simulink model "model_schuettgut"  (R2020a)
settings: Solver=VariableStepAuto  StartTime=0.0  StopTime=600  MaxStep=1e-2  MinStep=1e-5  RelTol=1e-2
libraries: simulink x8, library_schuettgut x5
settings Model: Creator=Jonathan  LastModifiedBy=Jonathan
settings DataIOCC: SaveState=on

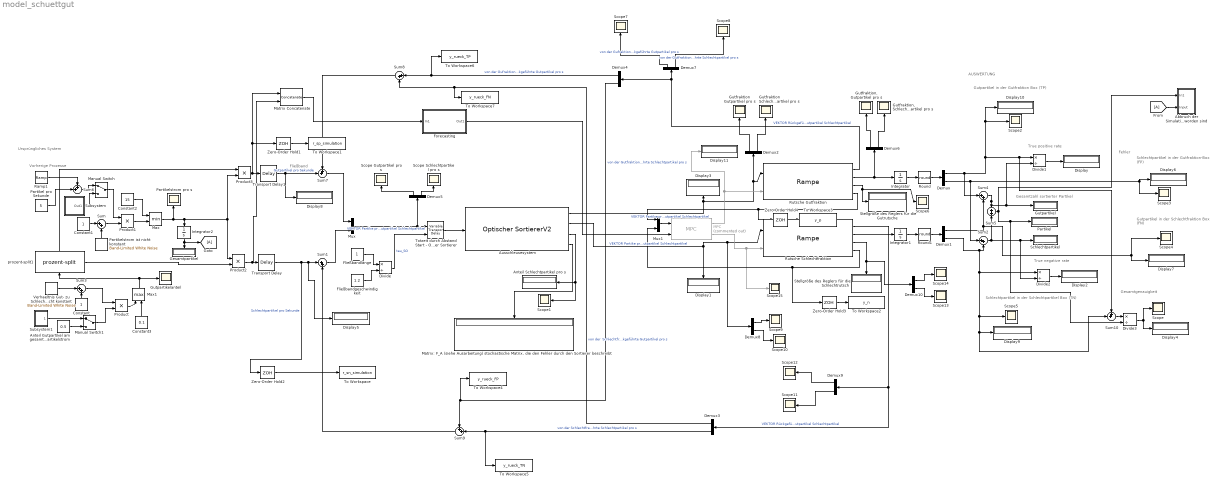
== system model_schuettgut ==
  note: Fließband
  note: Vorherige Prozesse
  note: Gesamtgenauigkeit
  note: True negative rate
  note: Gutpartikel in der
      | Schlechtfraktion Box (FN)
  note: Schlechtpartikel in der
      | Gutfraktion-Box (FP)
  note: Schlechtpartikel in der
      | Schlechtpartikel Box (TN)
  note: AUSWERTUNG
  note: True positive rate
  note: Gesamtzahl sortierter Partikel
  note: Gutpartikel in der
      | Gutfraktion Box (TP)
  note: Fehler
  note: Ursprüngliches System
  Abbruch der Simulation sobald alle Partikel sortiert worden sind : Subsystem
  Anteil Gutpartikel am gesamten Partikelstrom : Constant  Value=0.5
  Anteil Schlechtpartikel pro s : Display
  Ausschleusesystem : library_schuettgut/Optischer SortiererV2  alpha=0.04  beta=0.05
  Constant : Constant
  Constant1 : Constant
  Constant2 : Constant  Value=15
  Constant3 : Constant  Value=0.1
  Demux{,1..10} (11 alike) : Demux  Outputs=2
  Display{,1..11} (12 alike) : Display
  Divide{,1..3} (4 alike) : Product  Inputs=*/
  Fließbandgeschwindigkeit : Constant  Value=1.2
  Fließbandlänge : Constant
  Forecasting : Subsystem
  Gesamtpartikel : Display
  Gutfraktion Gutpartikel pro s : Scope
  Gutfraktion Schlechtpartikel pro s : Scope
  "Gutfraktion, Gutpartikel pro s" : Scope
  "Gutfraktion, Schlechtpartikel pro s" : Scope
  Gutpartikel : Display
  Gutpartikelanteil : Scope
  Integrator : Integrator
  Integrator1 : Integrator
  Integrator2 : Integrator
  MPC : library_schuettgut/MPC  Commented=on  SystemSampleTime=-1  Latency=0  AutoFrameSizeCalculation=off
      link override Constant: Value=12
      link override Constant2: Value=1
      link override Constant3: Value=4
      link override Constant4: Value=20
      link override Constant5: Value=8
      link override Constant6: Value=zeros(4,12)
  Manual Switch : ManualSwitch
  Manual Switch1 : ManualSwitch
  Matrix Concatenate : Concatenate  Mode=Multidimensional array  ConcatenateDimension=2
  "Matrix: F_A (siehe Ausarbeitung) stochastische Matrix, die den Fehler durch den Sortierer beschreibt" : Display
  Max : MinMax  Inputs=2
  Max1 : MinMax  Function=max  Inputs=2
  Mux : Mux  Inputs=2
  Mux1 : Mux  Inputs=2
  Partikel : Display
  Partikel pro Sekunde : Constant  Value=5
  Partikelstrom ist nicht konstant : simulink/Sources/Band-Limited White Noise  Cov=[0.00001]  Ts=0.1  seed=[23341]
  Partikelstrom pro s : Scope
  Product{,1..3} (4 alike) : Product
  Ramp1 : simulink/Sources/Ramp  slope=0.01  start=200  InitialOutput=0
  Round : Rounding  Operator=round
  Round1 : Rounding  Operator=round
  Rutsche Gutfraktion : library_schuettgut/Rampe  Tag=Rampe  OK=2  errorP=0  errorN=0  KV=0.2  V=1  TrueorFalse=0  delay=0.2  gain=8.6  KP=0  KN=0
  Rutsche Schlechtfraktion : library_schuettgut/Rampe  Tag=Rampe  OK=2  errorP=0  errorN=0  KV=0.2  V=1  TrueorFalse=1  delay=0.2  gain=0  KP=0  KN=0
  Schlechtpartikel : Display
  Scope{,1..15} (16 alike) : Scope
  Scope Gutpartikel pro s : Scope
  Scope Schlechtpartikel pro s : Scope
  Stellgröße des Reglers für die Gutrutsche : Display
  Stellgröße des Reglers für die Schlechtrutsch : Display
  Subsystem : Subsystem
  Subsystem1 : Subsystem
  Sum{,1..4,8} (6 alike) : Sum  Inputs=|++
  Sum{6..7,9..10} (4 alike) : Sum  Inputs=++|
  Sum5 : Sum  Inputs=+|+
  To Workspace : ToWorkspace  VariableName=r_sn_simulation  SaveFormat=Timeseries  SampleTime=-1
  To Workspace1 : ToWorkspace  VariableName=r_sp_simulation  SaveFormat=Timeseries  SampleTime=-1
  To Workspace2 : ToWorkspace  VariableName=y_n  SaveFormat=Timeseries  SampleTime=-1
  To Workspace3 : ToWorkspace  VariableName=y_p  SaveFormat=Timeseries  SampleTime=-1
  To Workspace4 : ToWorkspace  VariableName=y_rueck_FP  SaveFormat=Timeseries  SampleTime=0.1
  To Workspace5 : ToWorkspace  VariableName=y_rueck_TN  SaveFormat=Timeseries  SampleTime=0.1
  To Workspace6 : ToWorkspace  VariableName=y_rueck_TP  SaveFormat=Timeseries  SampleTime=0.1
  To Workspace7 : ToWorkspace  VariableName=y_rueck_FN  SaveFormat=Timeseries  SampleTime=0.1
  Totzeit durch Abstand Start - Optischer Sortierer : VariableTransportDelay  VariableDelayType=Variable transport delay  MaximumDelay=10  MaximumPoints=30000
  Transport Delay : TransportDelay  DelayTime=160  BufferSize=4096
  Transport Delay1 : TransportDelay  DelayTime=160  BufferSize=2048
  Verhaeltnis Gut- zu Schlechtpartikel ist nicht konstant : simulink/Sources/Band-Limited White Noise  Cov=[0.00001]  Ts=0.1  seed=[13341]
  Zero-Order Hold{1..4} (4 alike) : ZeroOrderHold  SampleTime=0.1
  prozent-split1 : library_schuettgut/prozent-split  SystemSampleTime=-1  Latency=0  AutoFrameSizeCalculation=off
      settings: PortSchema="{\"entries\":[{\"content\":{\"sides\":[{\"content\":{\"connectorIds\":[\"In1\"]},\"type\":\"ConnectorPlacement.EquallySpacedRectSide\",\"uuid\":\"ab8511c8-9f1d-48ad-bf24-85fd477f0bdd\"},{\"content\":{\"connectorIds\":[\"Out1\"],\"side\":\"RIGHT\"},\"type\":\"ConnectorPlacement.EquallySpacedRectSide\",\"uuid\":\"9ac1a19a-8176-444e-9f4d-7beffa0184e3\"},{\"content\":{\"connectorIds\":[\"Out2\"],\"side\":\"TOP\"},\"type\":\"ConnectorPlacement.EquallySpacedRectSide\",\"uuid\":\"376c2400-f821-4649-ab16-706a2da6117b\"}]},\"type\":\"ConnectorPlacement.EquallySpacedConnector\",\"uuid\":\"f6e72b2d-0467-4732-a018-d51f3a5db703\"}],\"packageUris\":[\"http://schema.mathworks.com/mf0/Connector/19700101\"],\"version\":\"1.0\"}"
  wires:
  Anteil Gutpartikel am gesamten Partikelstrom/1 -> Manual Switch1/2
  Max/1 -> Partikelstrom pro s/1, Integrator2/1, Product2/1, Product3/2
  Transport Delay1/1 -> Display8/1, Sum7/2  "Gutpartikel pro Sekunde"
  Totzeit durch Abstand Start - Optischer Sortierer/1 -> Ausschleusesystem/1
  Rutsche Gutfraktion/1 -> Demux4/1, Demux7/1  "VEKTOR Rückgeführte Partikel Gutfraktion pro s Gutpartikel Schlechtpartikel"
  Mux/1 -> Totzeit durch Abstand Start - Optischer Sortierer/1, Demux5/1  "VEKTOR Partike pro s: Gutpartikel Schlechtpartikel"
  Demux4/1 -> To Workspace6/1, Sum8/1  "von der Gufraktion zurückgeführte Gutpartikel pro s"
  Sum8/1 -> Sum7/1
  Sum9/1 -> Sum1/2
  Rutsche Gutfraktion/2 -> Demux6/1, Integrator/1
  Ausschleusesystem/1 -> Demux2/1, Rutsche Gutfraktion/1, Display3/1  "VEKTOR Partike pro s in der Gutfraktion: Gutpartikel Schlechtpartikel"
  Ausschleusesystem/2 -> Display1/1, Demux8/1, Rutsche Schlechtfraktion/1  "VEKTOR Partike pro s in der Schlechtfraktion: Gutpartikel Schlechtpartikel"
  Max1/1 -> prozent-split1/1, Gutpartikelanteil/1
  prozent-split1/1 -> Product3/1
  prozent-split1/2 -> Product2/2
  Product2/1 -> Matrix Concatenate/2, Transport Delay/1
  Sum1/1 -> Mux/2
  Sum7/1 -> Mux/1
  Demux3/2 -> To Workspace5/1, Sum9/2  "von der Schlechtfraktion zurückgeführte Schlechtpartikel pro s"
  Demux4/2 -> To Workspace4/1, Sum9/1  "von der Gutfraktion zurückgeführte Schlechtpartikel pro s"
  Demux3/1 -> To Workspace7/1, Sum8/2  "von der  Schlechtfraktion zurückgeführte Gutpartikel pro s"
  Demux/1 -> Sum4/1, Display10/1, Scope2/1, Sum10/1, Divide1/1
  Demux/2 -> Display6/1, Scope3/1, Sum2/1
  Demux1/1 -> Sum4/2, Scope4/1, Display7/1
  Demux1/2 -> Divide2/1, Sum10/2, Display9/1, Scope5/1, Sum2/2
  Rutsche Schlechtfraktion/2 -> Integrator1/1
  Integrator/1 -> Round/1
  Integrator1/1 -> Round1/1
  Demux2/2 -> Gutfraktion Schlechtpartikel pro s/1
  Demux2/1 -> Gutfraktion Gutpartikel pro s/1
  Rutsche Schlechtfraktion/1 -> Demux9/1, Demux3/1  "VEKTOR Rückgeführte Partikel Schlechtfraktion pro s Gutpartikel Schlechtpartikel"
  Ausschleusesystem/3 -> Scope1/1, Anteil Schlechtpartikel pro s/1
  Demux5/1 -> Scope Gutpartikel pro s/1
  Demux5/2 -> Scope Schlechtpartikel pro s/1
  Divide/1 -> Totzeit durch Abstand Start - Optischer Sortierer/2  "tau_SO"
  Fließbandgeschwindigkeit/1 -> Divide/2
  Fließbandlänge/1 -> Divide/1
  Round/1 -> Demux/1
  Round1/1 -> Demux1/1
  Sum3/1 -> Product/1
  Constant/1 -> Sum3/2
  Demux6/1 -> "Gutfraktion, Gutpartikel pro s"/1
  Demux6/2 -> "Gutfraktion, Schlechtpartikel pro s"/1
  Constant1/1 -> Sum/1
  Sum/1 -> Product1/2
  Ausschleusesystem/4 -> "Matrix: F_A (siehe Ausarbeitung) stochastische Matrix, die den Fehler durch den Sortierer beschreibt"/1
  Rutsche Gutfraktion/3 -> Stellgröße des Reglers für die Gutrutsche/1, Scope6/1
  Rutsche Schlechtfraktion/3 -> Demux10/1, Stellgröße des Reglers für die Schlechtrutsch/1
  Verhaeltnis Gut- zu Schlechtpartikel ist nicht konstant/1 -> Sum3/1
  Constant2/1 -> Max/1
  Manual Switch/1 -> Product1/1
  Partikelstrom ist nicht konstant/1 -> Sum/2
  Integrator2/1 -> [A], Gesamtpartikel/1
  Sum2/1 -> Divide2/2, Schlechtpartikel/1, Sum5/2
  Sum4/1 -> Divide1/2, Gutpartikel/1, Sum5/1
  Sum5/1 -> Partikel/1, Divide3/2, Abbruch der Simulation sobald alle Partikel sortiert worden sind/1(In1)
  Subsystem/1(Out1) -> Manual Switch/2
  Partikel pro Sekunde/1 -> Sum6/2
  Subsystem1/1(Out1) -> Manual Switch1/1
  Manual Switch1/1 -> Product/2
  Divide1/1 -> Display/1
  [A] -> Abbruch der Simulation sobald alle Partikel sortiert worden sind/2(Input)
  Divide2/1 -> Display2/1
  Product1/1 -> Max/2
  Product/1 -> Max1/1
  Constant3/1 -> Max1/2
  Ramp1/1 -> Sum6/1
  Sum6/1 -> Manual Switch/1
  Demux7/1 -> Scope7/1  "von der Gufraktion zurückgeführte Gutpartikel pro s"
  Demux7/2 -> Scope8/1  "von der Gutfraktion zurückgeführte Schlechtpartikel pro s"
  Sum10/1 -> Divide3/1
  Divide3/1 -> Display4/1, Scope/1
  MPC/1 -> Rutsche Gutfraktion/2, Display11/1
  MPC/2 -> Scope15/1, Rutsche Schlechtfraktion/2
  Mux1/1 -> MPC/1
  Rutsche Schlechtfraktion/4 -> Zero-Order Hold3/1, Mux1/2
  Rutsche Gutfraktion/4 -> Zero-Order Hold4/1, Mux1/1
  Product3/1 -> Matrix Concatenate/1, Zero-Order Hold1/1, Transport Delay1/1
  Zero-Order Hold1/1 -> To Workspace1/1
  Zero-Order Hold2/1 -> To Workspace/1
  Transport Delay/1 -> Zero-Order Hold2/1, Display5/1, Sum1/1  "Schlechtpartikel pro Sekunde"
  Matrix Concatenate/1 -> Forecasting/1(In1)
  Forecasting/1(Out1) -> MPC/2
  Demux8/2 -> Scope10/1
  Demux8/1 -> Scope9/1
  Demux9/1 -> Scope12/1
  Demux9/2 -> Scope11/1
  Demux10/1 -> Scope14/1
  Demux10/2 -> Scope13/1
  Zero-Order Hold3/1 -> To Workspace2/1
  Zero-Order Hold4/1 -> To Workspace3/1

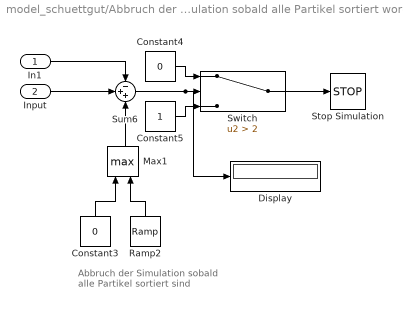
== system model_schuettgut/Abbruch der Simulation sobald alle Partikel sortiert worden sind ==
  note: Abbruch der Simulation sobald
      | alle Partikel sortiert sind
  In1 : Inport
  Input : Inport  Port=2
  Constant3 : Constant  Value=0
  Constant4 : Constant  Value=0
  Constant5 : Constant
  Display : Display
  Max1 : MinMax  Function=max  Inputs=2
  Ramp2 : simulink/Sources/Ramp  slope=-1  start=50  InitialOutput=10
  Stop Simulation : Stop
  Sum6 : Sum  Inputs=-++
  Switch : Switch  Criteria=u2 > Threshold  Threshold=2
  wires:
  Input/1 -> Sum6/2
  Constant4/1 -> Switch/1
  Switch/1 -> Stop Simulation/1
  Constant5/1 -> Switch/3
  Ramp2/1 -> Max1/2
  Sum6/1 -> Display/1, Switch/2
  Constant3/1 -> Max1/1
  Max1/1 -> Sum6/3
  In1/1 -> Sum6/1

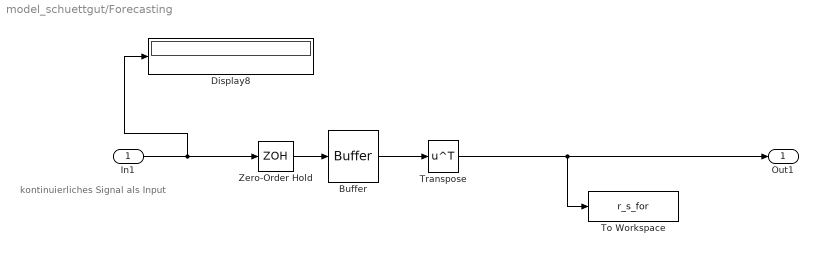
== system model_schuettgut/Forecasting ==
  note: kontinuierliches Signal als Input
  In1 : Inport
  Buffer : Buffer  N=400  V=399  OutputFrames=off
  Display8 : Display
  To Workspace : ToWorkspace  VariableName=r_s_for  SaveFormat=Timeseries  SampleTime=0.4
  Transpose : Math  Operator=transpose  SaturateOnIntegerOverflow=on
  Zero-Order Hold : ZeroOrderHold  SampleTime=0.4
  Out1 : Outport
  wires:
  Buffer/1 -> Transpose/1
  In1/1 -> Display8/1, Zero-Order Hold/1
  Zero-Order Hold/1 -> Buffer/1
  Transpose/1 -> To Workspace/1, Out1/1

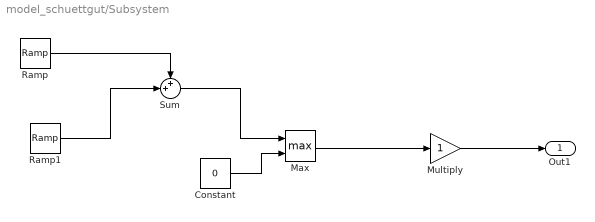
== system model_schuettgut/Subsystem ==
  Constant : Constant  Value=0
  Max : MinMax  Function=max  Inputs=2
  Multiply : Gain
  Ramp : simulink/Sources/Ramp  slope=10  start=0  InitialOutput=0
  Ramp1 : simulink/Sources/Ramp  slope=-20  start=100  InitialOutput=0
  Sum : Sum  Inputs=++|
  Out1 : Outport
  wires:
  Max/1 -> Multiply/1
  Constant/1 -> Max/2
  Sum/1 -> Max/1
  Ramp1/1 -> Sum/2
  Ramp/1 -> Sum/1
  Multiply/1 -> Out1/1

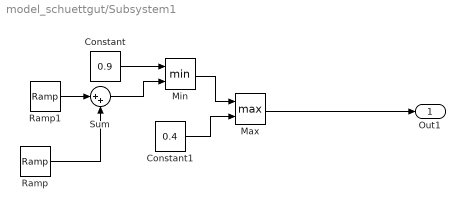
== system model_schuettgut/Subsystem1 ==
  Constant : Constant  Value=0.9
  Constant1 : Constant  Value=0.4
  Max : MinMax  Function=max  Inputs=2
  Min : MinMax  Inputs=2
  Ramp : simulink/Sources/Ramp  slope=0.01  start=20  InitialOutput=0.7
  Ramp1 : simulink/Sources/Ramp  slope=-0.03  start=150  InitialOutput=0
  Sum : Sum  Inputs=|++
  Out1 : Outport
  wires:
  Max/1 -> Out1/1
  Constant/1 -> Min/1
  Constant1/1 -> Max/2
  Min/1 -> Max/1
  Sum/1 -> Min/2
  Ramp1/1 -> Sum/1
  Ramp/1 -> Sum/2

========================

§ **TASK ITEM**: Starting at the line above that contains "Product2/1 -> Matrix", write out each line exactly until the line that contains "Demux1/2 -> Divide2/1, Sum10/2, Display9/1, Scope5/1, Sum2/2" has been written, and stop there.

§ **RESPONSE TO THIS TASK**:
  Product2/1 -> Matrix Concatenate/2, Transport Delay/1
  Sum1/1 -> Mux/2
  Sum7/1 -> Mux/1
  Demux3/2 -> To Workspace5/1, Sum9/2  "von der Schlechtfraktion zurückgeführte Schlechtpartikel pro s"
  Demux4/2 -> To Workspace4/1, Sum9/1  "von der Gutfraktion zurückgeführte Schlechtpartikel pro s"
  Demux3/1 -> To Workspace7/1, Sum8/2  "von der  Schlechtfraktion zurückgeführte Gutpartikel pro s"
  Demux/1 -> Sum4/1, Display10/1, Scope2/1, Sum10/1, Divide1/1
  Demux/2 -> Display6/1, Scope3/1, Sum2/1
  Demux1/1 -> Sum4/2, Scope4/1, Display7/1
  Demux1/2 -> Divide2/1, Sum10/2, Display9/1, Scope5/1, Sum2/2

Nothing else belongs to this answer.